WHAT THE TASK ASKS | What you return must be every line from the beginning of the data through the line holding "## Documents named in this file (18)", unchanged.

DATA FOR THE TASK |
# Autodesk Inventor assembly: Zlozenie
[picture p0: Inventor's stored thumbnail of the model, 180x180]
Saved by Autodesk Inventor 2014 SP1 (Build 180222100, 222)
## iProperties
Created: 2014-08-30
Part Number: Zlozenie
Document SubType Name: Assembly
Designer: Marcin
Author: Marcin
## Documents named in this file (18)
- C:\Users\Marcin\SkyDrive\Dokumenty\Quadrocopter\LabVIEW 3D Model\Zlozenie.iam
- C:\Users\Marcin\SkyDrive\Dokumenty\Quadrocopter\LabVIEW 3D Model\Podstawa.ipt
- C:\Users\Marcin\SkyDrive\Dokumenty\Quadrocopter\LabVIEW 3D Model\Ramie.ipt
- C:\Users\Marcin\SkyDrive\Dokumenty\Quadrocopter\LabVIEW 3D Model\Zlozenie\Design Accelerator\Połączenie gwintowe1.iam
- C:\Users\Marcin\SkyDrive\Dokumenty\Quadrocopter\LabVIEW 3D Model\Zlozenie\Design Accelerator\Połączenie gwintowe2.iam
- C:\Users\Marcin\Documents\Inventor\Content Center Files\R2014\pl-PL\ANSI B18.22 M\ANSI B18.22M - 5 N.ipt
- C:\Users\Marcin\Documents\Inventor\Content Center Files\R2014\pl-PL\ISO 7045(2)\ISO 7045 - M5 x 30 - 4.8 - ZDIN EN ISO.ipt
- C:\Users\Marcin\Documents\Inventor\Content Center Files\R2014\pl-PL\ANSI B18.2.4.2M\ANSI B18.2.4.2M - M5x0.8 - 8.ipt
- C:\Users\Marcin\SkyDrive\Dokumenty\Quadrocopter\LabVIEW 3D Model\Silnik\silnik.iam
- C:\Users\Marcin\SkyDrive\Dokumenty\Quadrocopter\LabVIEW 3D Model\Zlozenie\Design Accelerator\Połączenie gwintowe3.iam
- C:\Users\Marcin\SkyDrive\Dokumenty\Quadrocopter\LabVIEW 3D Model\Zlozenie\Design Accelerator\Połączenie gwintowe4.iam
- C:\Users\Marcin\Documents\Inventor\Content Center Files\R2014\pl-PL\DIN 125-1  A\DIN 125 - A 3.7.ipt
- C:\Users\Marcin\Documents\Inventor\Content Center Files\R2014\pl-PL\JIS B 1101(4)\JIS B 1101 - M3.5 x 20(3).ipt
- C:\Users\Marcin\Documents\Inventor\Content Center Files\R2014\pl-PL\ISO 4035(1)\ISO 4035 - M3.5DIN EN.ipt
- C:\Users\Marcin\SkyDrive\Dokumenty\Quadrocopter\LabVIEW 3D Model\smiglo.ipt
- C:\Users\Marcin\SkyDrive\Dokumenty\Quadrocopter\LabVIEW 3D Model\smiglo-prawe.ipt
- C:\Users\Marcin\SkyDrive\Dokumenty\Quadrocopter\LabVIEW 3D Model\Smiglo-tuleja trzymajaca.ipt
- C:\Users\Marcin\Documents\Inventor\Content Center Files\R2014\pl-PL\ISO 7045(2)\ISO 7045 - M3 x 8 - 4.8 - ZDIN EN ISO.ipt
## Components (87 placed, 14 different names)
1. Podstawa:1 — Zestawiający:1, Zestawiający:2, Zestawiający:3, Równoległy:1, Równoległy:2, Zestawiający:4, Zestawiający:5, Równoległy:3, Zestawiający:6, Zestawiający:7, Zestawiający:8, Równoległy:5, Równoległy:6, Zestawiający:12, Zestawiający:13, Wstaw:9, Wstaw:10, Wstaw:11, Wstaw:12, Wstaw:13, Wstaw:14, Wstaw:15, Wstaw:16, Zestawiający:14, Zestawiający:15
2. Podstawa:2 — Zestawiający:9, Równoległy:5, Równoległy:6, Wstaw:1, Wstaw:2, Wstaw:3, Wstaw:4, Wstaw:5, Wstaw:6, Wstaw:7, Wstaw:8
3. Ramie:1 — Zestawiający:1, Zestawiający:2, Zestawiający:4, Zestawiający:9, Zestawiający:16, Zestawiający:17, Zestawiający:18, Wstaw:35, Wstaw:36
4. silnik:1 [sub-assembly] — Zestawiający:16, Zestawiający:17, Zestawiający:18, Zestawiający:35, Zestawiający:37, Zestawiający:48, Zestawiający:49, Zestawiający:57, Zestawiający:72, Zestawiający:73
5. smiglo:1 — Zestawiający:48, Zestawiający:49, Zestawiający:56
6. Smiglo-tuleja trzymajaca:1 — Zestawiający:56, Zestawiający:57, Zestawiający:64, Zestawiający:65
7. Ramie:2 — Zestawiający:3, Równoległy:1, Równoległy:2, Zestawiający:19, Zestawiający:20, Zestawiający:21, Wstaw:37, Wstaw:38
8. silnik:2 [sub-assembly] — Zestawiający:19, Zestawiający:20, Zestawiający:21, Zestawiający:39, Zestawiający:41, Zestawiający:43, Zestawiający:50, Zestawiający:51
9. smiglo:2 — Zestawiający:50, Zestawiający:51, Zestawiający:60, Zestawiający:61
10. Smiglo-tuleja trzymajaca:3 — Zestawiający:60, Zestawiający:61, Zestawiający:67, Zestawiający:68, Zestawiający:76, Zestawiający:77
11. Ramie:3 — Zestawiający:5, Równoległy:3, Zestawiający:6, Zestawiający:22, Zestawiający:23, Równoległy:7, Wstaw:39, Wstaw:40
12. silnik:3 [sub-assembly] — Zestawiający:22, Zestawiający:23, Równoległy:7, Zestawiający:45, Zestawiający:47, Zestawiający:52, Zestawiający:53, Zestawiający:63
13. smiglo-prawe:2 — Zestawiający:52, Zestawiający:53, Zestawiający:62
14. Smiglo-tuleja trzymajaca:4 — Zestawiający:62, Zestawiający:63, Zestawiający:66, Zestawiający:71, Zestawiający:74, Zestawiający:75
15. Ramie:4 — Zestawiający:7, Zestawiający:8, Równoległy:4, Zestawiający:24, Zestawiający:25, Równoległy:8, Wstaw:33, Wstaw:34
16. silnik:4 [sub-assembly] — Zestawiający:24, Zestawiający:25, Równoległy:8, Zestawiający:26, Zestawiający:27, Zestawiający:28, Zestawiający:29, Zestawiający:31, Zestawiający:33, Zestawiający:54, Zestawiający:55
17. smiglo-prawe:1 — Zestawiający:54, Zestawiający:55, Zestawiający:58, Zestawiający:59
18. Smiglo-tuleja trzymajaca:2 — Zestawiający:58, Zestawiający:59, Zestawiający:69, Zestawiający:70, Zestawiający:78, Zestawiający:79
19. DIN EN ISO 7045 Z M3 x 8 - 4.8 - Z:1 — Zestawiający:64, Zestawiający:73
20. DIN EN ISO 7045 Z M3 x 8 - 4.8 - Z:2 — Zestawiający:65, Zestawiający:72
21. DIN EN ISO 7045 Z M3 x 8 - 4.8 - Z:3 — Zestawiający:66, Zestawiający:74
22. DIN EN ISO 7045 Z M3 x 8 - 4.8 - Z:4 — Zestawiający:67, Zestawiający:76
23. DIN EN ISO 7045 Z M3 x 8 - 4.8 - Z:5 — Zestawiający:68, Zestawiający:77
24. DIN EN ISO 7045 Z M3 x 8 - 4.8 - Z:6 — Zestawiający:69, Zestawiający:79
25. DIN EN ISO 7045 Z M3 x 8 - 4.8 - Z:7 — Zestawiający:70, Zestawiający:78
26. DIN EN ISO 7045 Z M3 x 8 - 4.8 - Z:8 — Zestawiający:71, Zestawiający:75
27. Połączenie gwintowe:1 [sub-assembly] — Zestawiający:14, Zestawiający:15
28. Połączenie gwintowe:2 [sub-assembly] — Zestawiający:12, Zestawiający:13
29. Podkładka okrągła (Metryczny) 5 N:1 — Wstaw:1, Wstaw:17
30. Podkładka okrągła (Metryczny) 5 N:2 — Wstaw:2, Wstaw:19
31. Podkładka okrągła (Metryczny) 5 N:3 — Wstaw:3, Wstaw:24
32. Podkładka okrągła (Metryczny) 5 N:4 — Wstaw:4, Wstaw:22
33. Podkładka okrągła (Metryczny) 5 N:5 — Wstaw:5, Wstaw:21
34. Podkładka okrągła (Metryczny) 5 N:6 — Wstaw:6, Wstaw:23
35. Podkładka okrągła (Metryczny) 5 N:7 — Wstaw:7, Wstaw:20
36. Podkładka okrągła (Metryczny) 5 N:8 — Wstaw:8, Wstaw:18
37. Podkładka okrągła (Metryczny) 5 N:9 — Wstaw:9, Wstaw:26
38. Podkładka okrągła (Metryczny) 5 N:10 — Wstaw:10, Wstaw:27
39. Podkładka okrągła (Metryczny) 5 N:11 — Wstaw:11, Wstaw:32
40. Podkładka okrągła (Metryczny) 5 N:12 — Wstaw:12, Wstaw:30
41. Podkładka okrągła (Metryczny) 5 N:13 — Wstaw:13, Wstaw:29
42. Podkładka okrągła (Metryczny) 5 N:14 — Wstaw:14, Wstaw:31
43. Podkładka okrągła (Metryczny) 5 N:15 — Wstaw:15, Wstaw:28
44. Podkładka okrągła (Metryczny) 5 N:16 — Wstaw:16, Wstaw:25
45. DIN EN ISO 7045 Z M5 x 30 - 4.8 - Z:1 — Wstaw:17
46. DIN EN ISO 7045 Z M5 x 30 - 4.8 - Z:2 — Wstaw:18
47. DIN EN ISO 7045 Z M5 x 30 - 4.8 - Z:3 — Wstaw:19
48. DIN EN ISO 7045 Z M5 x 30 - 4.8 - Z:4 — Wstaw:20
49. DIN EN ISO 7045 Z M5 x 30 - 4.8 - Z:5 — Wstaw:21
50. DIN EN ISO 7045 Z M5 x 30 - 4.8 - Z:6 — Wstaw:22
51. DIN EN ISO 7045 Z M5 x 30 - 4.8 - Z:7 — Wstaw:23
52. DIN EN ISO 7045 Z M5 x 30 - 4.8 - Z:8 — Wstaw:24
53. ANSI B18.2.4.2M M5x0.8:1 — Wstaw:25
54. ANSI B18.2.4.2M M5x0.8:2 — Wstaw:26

RESULT OF THIS TASK |
# Autodesk Inventor assembly: Zlozenie
[picture p0: Inventor's stored thumbnail of the model, 180x180]
Saved by Autodesk Inventor 2014 SP1 (Build 180222100, 222)
## iProperties
Created: 2014-08-30
Part Number: Zlozenie
Document SubType Name: Assembly
Designer: Marcin
Author: Marcin
## Documents named in this file (18)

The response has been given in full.